### What you are asked to do
Copy out each line of the data that includes the string "dimazin".

### Data in this exercise
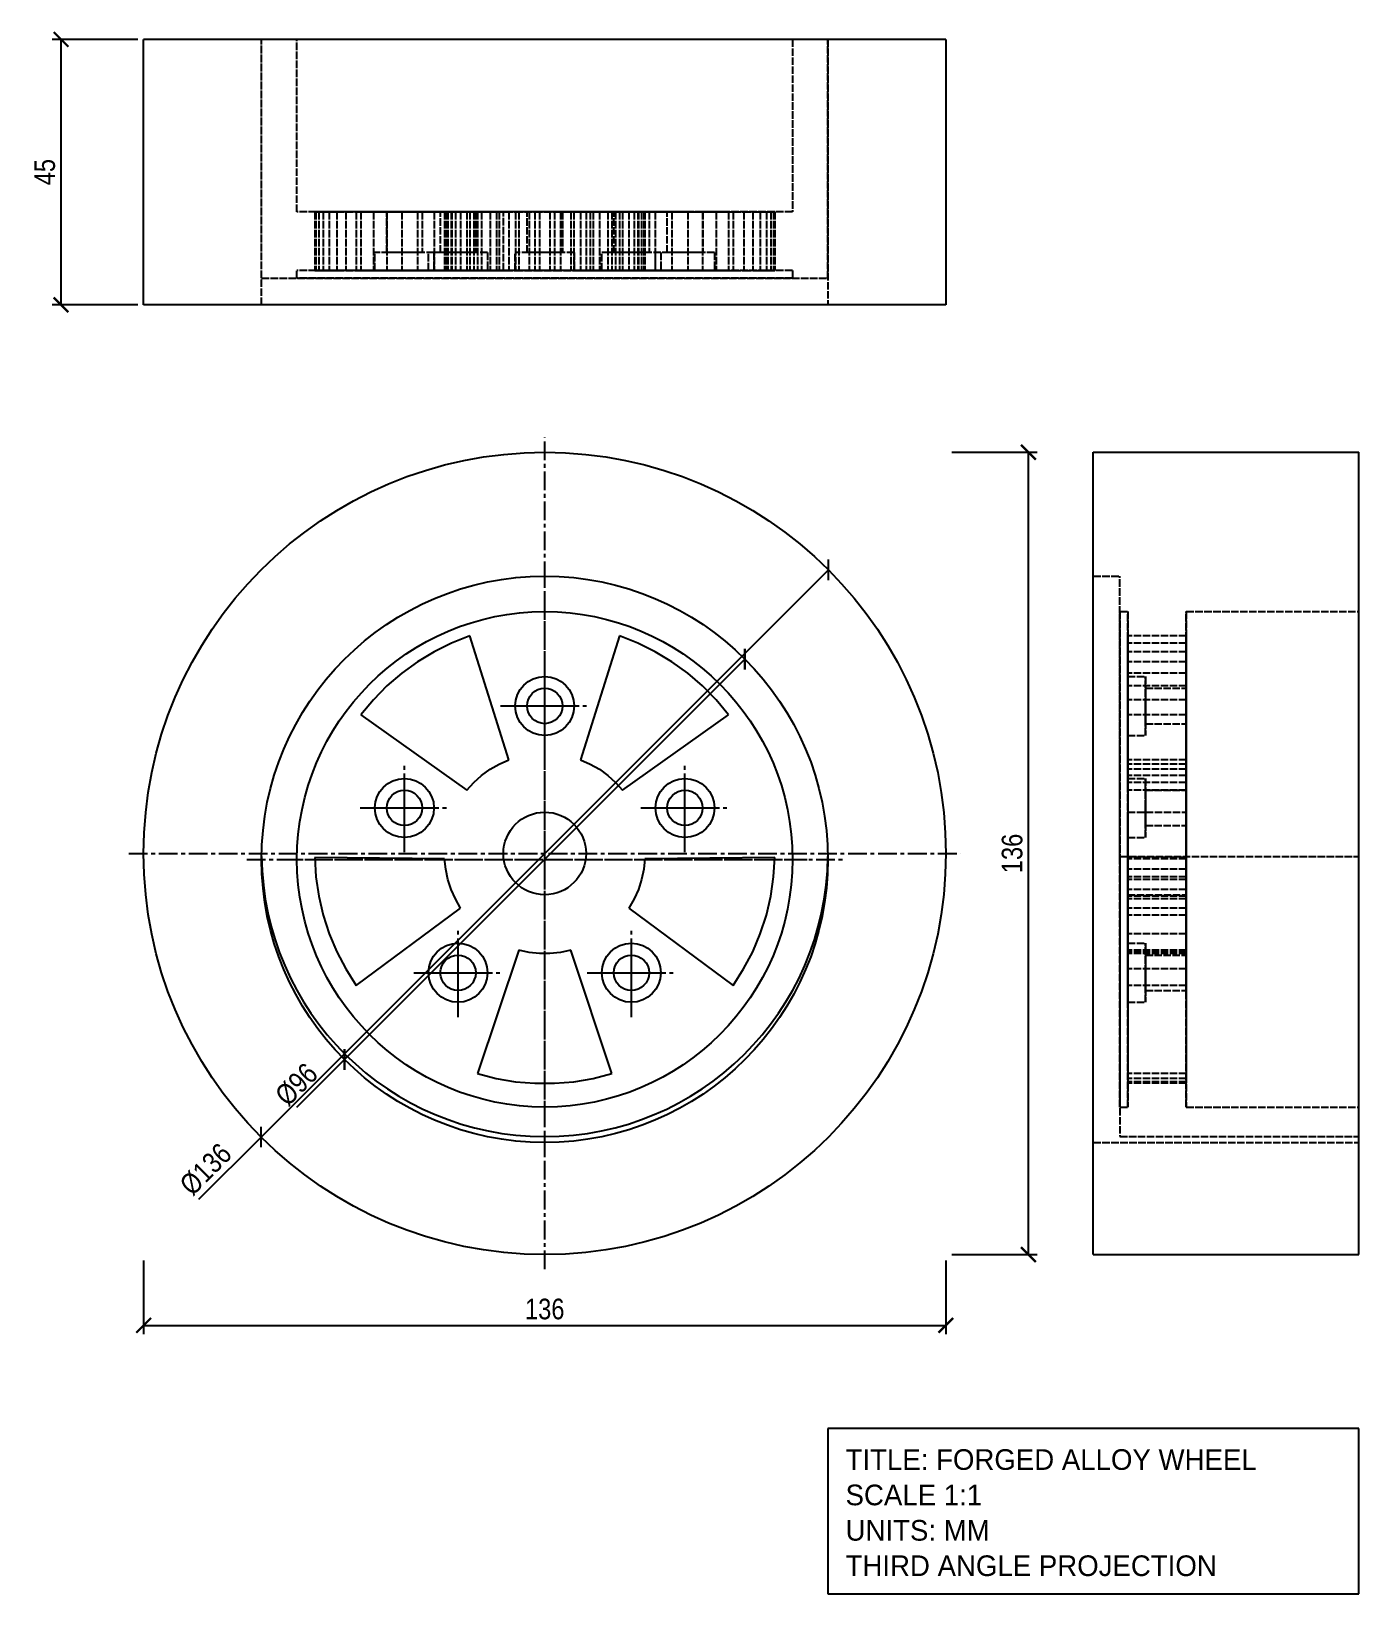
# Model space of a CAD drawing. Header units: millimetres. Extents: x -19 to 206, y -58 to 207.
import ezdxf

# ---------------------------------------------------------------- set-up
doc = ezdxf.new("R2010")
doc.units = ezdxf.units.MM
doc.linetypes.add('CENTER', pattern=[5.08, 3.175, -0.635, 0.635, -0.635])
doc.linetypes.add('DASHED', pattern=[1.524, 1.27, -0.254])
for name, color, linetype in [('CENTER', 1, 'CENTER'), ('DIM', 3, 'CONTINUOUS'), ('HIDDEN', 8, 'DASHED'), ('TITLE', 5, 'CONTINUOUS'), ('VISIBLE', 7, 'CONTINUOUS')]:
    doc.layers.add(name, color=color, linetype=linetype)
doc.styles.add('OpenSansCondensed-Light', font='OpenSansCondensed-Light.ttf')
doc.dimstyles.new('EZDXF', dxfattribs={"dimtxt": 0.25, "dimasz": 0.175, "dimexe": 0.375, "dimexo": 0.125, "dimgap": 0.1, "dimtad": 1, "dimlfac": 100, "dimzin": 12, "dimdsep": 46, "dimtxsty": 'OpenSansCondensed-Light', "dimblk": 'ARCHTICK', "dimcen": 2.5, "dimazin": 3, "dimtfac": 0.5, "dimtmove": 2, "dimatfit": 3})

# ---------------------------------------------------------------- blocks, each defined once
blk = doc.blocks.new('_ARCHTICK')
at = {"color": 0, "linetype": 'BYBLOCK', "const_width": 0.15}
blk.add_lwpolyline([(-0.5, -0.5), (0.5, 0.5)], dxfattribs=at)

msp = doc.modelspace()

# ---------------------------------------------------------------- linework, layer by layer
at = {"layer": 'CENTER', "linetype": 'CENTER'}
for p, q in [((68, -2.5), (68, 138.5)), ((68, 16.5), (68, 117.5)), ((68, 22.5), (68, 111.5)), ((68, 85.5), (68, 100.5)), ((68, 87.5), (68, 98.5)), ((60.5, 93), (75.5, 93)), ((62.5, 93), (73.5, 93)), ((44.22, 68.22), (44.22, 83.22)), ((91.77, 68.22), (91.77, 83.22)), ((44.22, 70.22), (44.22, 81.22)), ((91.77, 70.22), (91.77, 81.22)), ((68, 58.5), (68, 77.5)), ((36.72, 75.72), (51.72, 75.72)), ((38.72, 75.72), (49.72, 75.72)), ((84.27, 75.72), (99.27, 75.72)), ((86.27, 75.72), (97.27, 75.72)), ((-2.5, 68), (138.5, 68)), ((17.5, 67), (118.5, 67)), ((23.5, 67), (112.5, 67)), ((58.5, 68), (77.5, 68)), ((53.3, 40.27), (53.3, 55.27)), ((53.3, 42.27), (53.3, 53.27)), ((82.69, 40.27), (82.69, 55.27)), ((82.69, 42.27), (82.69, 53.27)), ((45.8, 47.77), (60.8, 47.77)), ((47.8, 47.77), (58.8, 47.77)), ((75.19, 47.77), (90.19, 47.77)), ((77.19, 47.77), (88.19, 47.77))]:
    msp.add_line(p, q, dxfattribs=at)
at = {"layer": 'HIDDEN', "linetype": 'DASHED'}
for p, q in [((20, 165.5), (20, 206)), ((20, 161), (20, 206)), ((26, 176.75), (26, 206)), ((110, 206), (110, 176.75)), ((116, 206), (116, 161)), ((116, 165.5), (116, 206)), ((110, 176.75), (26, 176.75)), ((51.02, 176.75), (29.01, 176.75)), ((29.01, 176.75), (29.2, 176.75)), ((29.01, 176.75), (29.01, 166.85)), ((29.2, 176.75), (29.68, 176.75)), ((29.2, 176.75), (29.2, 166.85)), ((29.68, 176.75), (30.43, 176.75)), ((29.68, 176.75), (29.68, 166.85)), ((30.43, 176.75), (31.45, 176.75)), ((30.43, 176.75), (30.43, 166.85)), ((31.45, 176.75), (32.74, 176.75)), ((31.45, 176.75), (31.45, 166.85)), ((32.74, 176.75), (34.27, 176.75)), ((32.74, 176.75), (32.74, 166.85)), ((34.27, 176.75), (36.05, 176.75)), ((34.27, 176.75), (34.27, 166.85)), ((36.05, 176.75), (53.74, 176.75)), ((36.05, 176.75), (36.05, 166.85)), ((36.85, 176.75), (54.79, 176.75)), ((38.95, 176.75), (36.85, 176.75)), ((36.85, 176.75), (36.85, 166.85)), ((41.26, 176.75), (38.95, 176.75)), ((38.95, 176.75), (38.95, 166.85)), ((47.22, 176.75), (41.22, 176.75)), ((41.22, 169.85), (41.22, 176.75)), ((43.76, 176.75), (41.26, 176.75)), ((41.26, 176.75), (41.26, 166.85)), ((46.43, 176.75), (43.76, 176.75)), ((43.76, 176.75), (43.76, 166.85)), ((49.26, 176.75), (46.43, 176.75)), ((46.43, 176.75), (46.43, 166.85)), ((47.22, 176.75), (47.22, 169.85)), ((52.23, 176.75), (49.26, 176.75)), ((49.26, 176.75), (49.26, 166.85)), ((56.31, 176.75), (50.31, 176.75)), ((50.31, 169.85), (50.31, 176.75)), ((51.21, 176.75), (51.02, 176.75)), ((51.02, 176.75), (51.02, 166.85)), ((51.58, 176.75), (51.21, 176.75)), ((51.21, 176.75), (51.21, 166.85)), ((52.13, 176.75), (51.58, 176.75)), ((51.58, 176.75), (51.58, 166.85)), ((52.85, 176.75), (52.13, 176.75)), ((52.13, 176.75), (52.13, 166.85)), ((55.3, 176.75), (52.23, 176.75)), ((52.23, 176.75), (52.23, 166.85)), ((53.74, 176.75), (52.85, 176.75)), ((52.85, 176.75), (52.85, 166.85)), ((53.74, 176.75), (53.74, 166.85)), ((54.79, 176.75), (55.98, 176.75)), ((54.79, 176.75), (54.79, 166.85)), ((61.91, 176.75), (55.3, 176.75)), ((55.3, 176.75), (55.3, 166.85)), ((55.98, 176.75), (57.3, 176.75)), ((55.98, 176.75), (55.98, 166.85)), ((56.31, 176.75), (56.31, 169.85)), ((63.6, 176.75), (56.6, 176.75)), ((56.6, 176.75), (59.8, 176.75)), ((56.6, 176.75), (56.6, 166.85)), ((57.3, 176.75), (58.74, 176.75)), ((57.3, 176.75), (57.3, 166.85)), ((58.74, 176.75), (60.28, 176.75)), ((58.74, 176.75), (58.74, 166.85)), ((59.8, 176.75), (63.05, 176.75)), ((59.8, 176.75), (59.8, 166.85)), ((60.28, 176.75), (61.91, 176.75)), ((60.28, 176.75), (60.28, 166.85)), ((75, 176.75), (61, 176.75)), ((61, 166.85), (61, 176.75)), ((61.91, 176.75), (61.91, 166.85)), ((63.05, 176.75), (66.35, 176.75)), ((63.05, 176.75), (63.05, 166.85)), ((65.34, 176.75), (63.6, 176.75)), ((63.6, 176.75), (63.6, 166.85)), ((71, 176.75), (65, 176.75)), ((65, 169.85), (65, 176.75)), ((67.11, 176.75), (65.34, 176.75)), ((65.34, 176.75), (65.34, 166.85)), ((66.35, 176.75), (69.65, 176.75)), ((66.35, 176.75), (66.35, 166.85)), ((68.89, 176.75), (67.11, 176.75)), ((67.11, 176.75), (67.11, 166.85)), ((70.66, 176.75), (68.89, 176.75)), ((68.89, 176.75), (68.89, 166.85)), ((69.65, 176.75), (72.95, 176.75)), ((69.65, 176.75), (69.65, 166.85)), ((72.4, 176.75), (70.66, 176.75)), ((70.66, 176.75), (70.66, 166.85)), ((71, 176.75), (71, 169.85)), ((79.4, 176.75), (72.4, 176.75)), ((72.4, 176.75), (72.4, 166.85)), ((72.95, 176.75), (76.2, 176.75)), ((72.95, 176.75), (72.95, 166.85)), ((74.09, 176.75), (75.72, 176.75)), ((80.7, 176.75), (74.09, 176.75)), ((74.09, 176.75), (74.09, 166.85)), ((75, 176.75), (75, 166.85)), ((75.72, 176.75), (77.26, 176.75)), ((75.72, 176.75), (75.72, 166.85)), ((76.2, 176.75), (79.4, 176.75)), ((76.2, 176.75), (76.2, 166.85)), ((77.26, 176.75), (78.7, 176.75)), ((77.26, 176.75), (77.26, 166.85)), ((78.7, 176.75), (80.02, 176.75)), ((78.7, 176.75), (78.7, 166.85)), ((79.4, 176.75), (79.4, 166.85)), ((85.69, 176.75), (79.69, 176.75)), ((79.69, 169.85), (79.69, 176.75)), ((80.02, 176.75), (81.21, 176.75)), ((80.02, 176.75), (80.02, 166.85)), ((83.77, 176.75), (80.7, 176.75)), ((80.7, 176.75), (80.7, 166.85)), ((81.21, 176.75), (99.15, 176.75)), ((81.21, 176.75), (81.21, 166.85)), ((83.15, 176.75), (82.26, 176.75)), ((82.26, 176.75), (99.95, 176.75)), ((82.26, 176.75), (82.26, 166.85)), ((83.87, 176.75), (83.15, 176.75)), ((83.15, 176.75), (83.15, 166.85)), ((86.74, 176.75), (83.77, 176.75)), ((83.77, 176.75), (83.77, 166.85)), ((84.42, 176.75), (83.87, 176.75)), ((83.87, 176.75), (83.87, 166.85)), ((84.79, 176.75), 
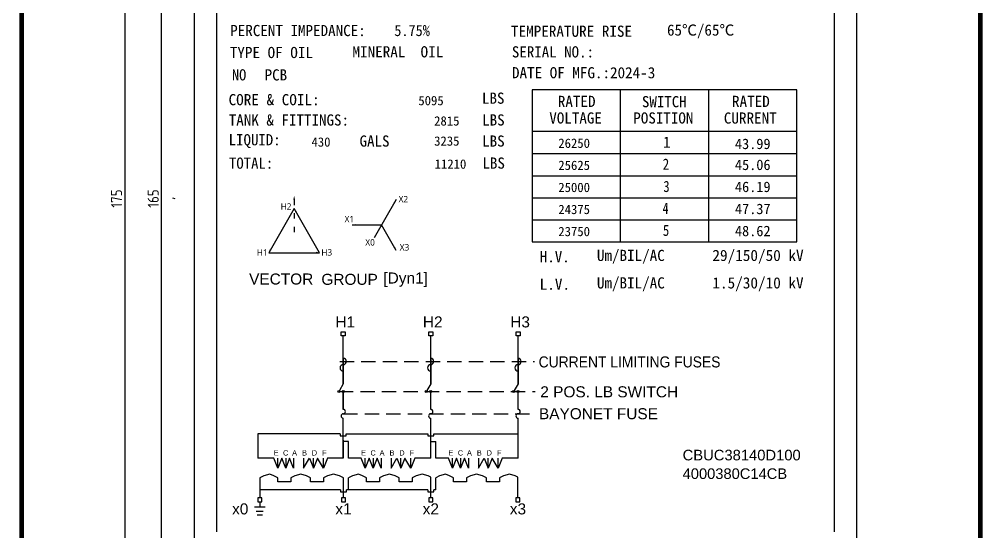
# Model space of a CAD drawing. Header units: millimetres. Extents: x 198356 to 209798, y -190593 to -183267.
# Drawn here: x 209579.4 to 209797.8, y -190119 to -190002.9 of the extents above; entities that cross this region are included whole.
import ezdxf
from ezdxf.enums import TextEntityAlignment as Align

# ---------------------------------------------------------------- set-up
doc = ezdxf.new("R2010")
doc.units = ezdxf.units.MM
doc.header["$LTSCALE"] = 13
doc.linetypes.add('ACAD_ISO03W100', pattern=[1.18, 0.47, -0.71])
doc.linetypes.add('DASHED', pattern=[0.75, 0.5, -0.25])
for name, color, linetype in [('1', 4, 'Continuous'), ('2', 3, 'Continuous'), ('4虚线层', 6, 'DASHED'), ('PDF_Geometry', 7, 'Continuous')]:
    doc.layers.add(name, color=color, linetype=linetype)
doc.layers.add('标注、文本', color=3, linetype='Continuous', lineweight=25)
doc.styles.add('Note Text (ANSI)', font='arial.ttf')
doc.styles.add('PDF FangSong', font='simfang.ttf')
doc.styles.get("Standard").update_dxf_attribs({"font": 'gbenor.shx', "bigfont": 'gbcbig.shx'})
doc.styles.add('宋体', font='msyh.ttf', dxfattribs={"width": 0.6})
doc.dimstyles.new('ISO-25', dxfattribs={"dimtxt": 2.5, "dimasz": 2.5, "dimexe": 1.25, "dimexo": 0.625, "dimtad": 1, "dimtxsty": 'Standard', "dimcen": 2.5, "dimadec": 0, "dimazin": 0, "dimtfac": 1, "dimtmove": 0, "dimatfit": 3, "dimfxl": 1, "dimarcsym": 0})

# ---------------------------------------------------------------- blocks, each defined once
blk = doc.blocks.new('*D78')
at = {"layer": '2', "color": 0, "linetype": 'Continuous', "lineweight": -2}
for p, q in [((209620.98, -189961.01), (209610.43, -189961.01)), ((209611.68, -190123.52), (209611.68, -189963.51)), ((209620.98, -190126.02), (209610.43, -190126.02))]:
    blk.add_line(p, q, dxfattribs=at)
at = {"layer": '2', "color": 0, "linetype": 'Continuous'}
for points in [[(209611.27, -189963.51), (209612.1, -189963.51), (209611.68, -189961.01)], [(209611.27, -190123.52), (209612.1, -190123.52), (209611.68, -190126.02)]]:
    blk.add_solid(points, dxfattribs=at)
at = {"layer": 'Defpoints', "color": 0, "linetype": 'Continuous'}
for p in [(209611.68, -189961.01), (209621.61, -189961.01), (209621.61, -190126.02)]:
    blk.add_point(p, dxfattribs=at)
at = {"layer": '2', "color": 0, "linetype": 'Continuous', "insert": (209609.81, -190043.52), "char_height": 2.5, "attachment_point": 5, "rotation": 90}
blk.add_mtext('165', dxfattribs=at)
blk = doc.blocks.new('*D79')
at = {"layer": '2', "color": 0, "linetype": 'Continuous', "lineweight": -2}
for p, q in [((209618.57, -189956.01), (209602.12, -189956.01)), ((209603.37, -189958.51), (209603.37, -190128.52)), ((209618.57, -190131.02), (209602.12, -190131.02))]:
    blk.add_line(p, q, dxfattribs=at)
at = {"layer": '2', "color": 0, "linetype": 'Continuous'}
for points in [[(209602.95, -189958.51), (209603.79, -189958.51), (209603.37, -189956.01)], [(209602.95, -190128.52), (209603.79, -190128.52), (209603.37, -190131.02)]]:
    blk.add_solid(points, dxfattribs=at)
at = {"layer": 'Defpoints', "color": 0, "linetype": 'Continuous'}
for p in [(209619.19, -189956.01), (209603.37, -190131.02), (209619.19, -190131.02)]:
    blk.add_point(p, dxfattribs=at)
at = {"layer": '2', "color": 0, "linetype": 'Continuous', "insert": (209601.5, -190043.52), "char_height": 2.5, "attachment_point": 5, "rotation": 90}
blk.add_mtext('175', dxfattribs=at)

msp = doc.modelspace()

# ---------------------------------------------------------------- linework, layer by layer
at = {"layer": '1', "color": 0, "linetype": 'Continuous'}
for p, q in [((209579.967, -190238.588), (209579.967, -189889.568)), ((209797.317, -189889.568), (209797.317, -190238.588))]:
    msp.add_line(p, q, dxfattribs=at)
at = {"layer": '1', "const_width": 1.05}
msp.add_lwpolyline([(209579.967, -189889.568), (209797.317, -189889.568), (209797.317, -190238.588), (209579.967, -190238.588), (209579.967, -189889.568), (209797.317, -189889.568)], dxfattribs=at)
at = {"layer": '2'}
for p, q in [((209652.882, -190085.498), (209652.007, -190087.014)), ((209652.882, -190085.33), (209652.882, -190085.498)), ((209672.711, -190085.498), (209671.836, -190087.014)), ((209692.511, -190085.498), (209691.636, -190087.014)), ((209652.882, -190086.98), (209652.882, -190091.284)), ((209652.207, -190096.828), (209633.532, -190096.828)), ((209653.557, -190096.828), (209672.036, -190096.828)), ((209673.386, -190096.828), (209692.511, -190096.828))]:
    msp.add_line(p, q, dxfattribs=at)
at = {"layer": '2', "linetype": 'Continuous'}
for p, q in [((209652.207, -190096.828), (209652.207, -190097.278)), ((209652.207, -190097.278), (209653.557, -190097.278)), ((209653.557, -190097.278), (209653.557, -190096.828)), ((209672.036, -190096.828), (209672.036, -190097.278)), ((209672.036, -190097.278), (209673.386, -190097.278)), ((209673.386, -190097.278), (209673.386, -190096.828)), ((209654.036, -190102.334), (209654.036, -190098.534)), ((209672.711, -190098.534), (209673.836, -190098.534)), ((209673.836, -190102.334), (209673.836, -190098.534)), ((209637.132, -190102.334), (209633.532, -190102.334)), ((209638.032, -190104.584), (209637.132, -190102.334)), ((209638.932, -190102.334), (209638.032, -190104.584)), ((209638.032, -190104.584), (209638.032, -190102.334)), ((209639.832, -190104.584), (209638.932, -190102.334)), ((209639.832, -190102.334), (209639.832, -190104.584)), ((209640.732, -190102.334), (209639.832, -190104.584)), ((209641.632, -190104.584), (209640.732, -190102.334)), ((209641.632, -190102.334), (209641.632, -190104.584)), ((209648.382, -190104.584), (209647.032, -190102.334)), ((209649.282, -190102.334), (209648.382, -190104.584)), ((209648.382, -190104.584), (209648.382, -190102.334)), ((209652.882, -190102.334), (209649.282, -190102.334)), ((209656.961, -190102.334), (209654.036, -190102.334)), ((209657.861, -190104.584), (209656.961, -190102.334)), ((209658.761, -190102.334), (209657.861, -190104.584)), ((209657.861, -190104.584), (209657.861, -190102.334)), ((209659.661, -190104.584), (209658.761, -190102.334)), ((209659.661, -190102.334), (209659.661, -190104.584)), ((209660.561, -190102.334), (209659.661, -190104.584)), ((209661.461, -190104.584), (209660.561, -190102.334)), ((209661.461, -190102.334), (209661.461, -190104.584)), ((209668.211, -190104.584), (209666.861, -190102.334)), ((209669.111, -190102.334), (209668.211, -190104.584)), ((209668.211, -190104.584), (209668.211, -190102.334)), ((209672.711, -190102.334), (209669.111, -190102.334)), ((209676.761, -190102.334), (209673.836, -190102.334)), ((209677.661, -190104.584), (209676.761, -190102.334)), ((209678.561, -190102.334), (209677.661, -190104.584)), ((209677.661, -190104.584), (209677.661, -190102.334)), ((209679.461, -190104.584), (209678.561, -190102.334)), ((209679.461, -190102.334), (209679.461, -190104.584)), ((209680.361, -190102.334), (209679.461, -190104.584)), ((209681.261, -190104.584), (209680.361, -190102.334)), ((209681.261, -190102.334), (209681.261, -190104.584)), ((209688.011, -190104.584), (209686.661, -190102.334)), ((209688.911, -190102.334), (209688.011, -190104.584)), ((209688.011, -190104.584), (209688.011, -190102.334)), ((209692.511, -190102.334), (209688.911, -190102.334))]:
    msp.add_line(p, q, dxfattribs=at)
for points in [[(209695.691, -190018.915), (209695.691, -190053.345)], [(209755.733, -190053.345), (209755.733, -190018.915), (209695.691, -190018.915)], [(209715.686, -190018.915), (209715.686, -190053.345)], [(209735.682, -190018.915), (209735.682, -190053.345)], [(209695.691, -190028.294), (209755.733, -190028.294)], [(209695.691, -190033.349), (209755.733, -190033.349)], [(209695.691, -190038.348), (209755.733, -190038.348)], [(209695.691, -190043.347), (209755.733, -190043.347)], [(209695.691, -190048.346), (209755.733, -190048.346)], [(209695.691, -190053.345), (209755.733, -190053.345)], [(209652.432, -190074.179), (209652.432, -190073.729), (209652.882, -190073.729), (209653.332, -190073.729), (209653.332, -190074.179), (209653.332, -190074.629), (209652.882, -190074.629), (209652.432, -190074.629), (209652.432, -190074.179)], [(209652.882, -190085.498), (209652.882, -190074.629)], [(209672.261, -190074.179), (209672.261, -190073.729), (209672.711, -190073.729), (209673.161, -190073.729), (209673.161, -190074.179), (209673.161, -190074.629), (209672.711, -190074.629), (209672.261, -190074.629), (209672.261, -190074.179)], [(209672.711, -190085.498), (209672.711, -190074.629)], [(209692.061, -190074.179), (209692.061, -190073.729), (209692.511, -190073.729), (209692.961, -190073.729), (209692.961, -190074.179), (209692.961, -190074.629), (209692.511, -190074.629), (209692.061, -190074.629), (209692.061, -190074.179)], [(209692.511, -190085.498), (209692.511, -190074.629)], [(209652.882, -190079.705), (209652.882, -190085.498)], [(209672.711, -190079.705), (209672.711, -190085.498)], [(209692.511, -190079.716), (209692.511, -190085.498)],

### Solution for this task
doc.dimstyles.new('EZDXF', dxfattribs={"dimtxt": 0.25, "dimasz": 0.175, "dimexe": 0.375, "dimexo": 0.125, "dimgap": 0.1, "dimtad": 1, "dimlfac": 100, "dimzin": 12, "dimdsep": 46, "dimtxsty": 'OpenSansCondensed-Light', "dimblk": 'ARCHTICK', "dimcen": 2.5, "dimazin": 3, "dimtfac": 0.5, "dimtmove": 2, "dimatfit": 3})
doc.dimstyles.new('ISO-25', dxfattribs={"dimtxt": 2.5, "dimasz": 2.5, "dimexe": 1.25, "dimexo": 0.625, "dimtad": 1, "dimtxsty": 'Standard', "dimcen": 2.5, "dimadec": 0, "dimazin": 0, "dimtfac": 1, "dimtmove": 0, "dimatfit": 3, "dimfxl": 1, "dimarcsym": 0})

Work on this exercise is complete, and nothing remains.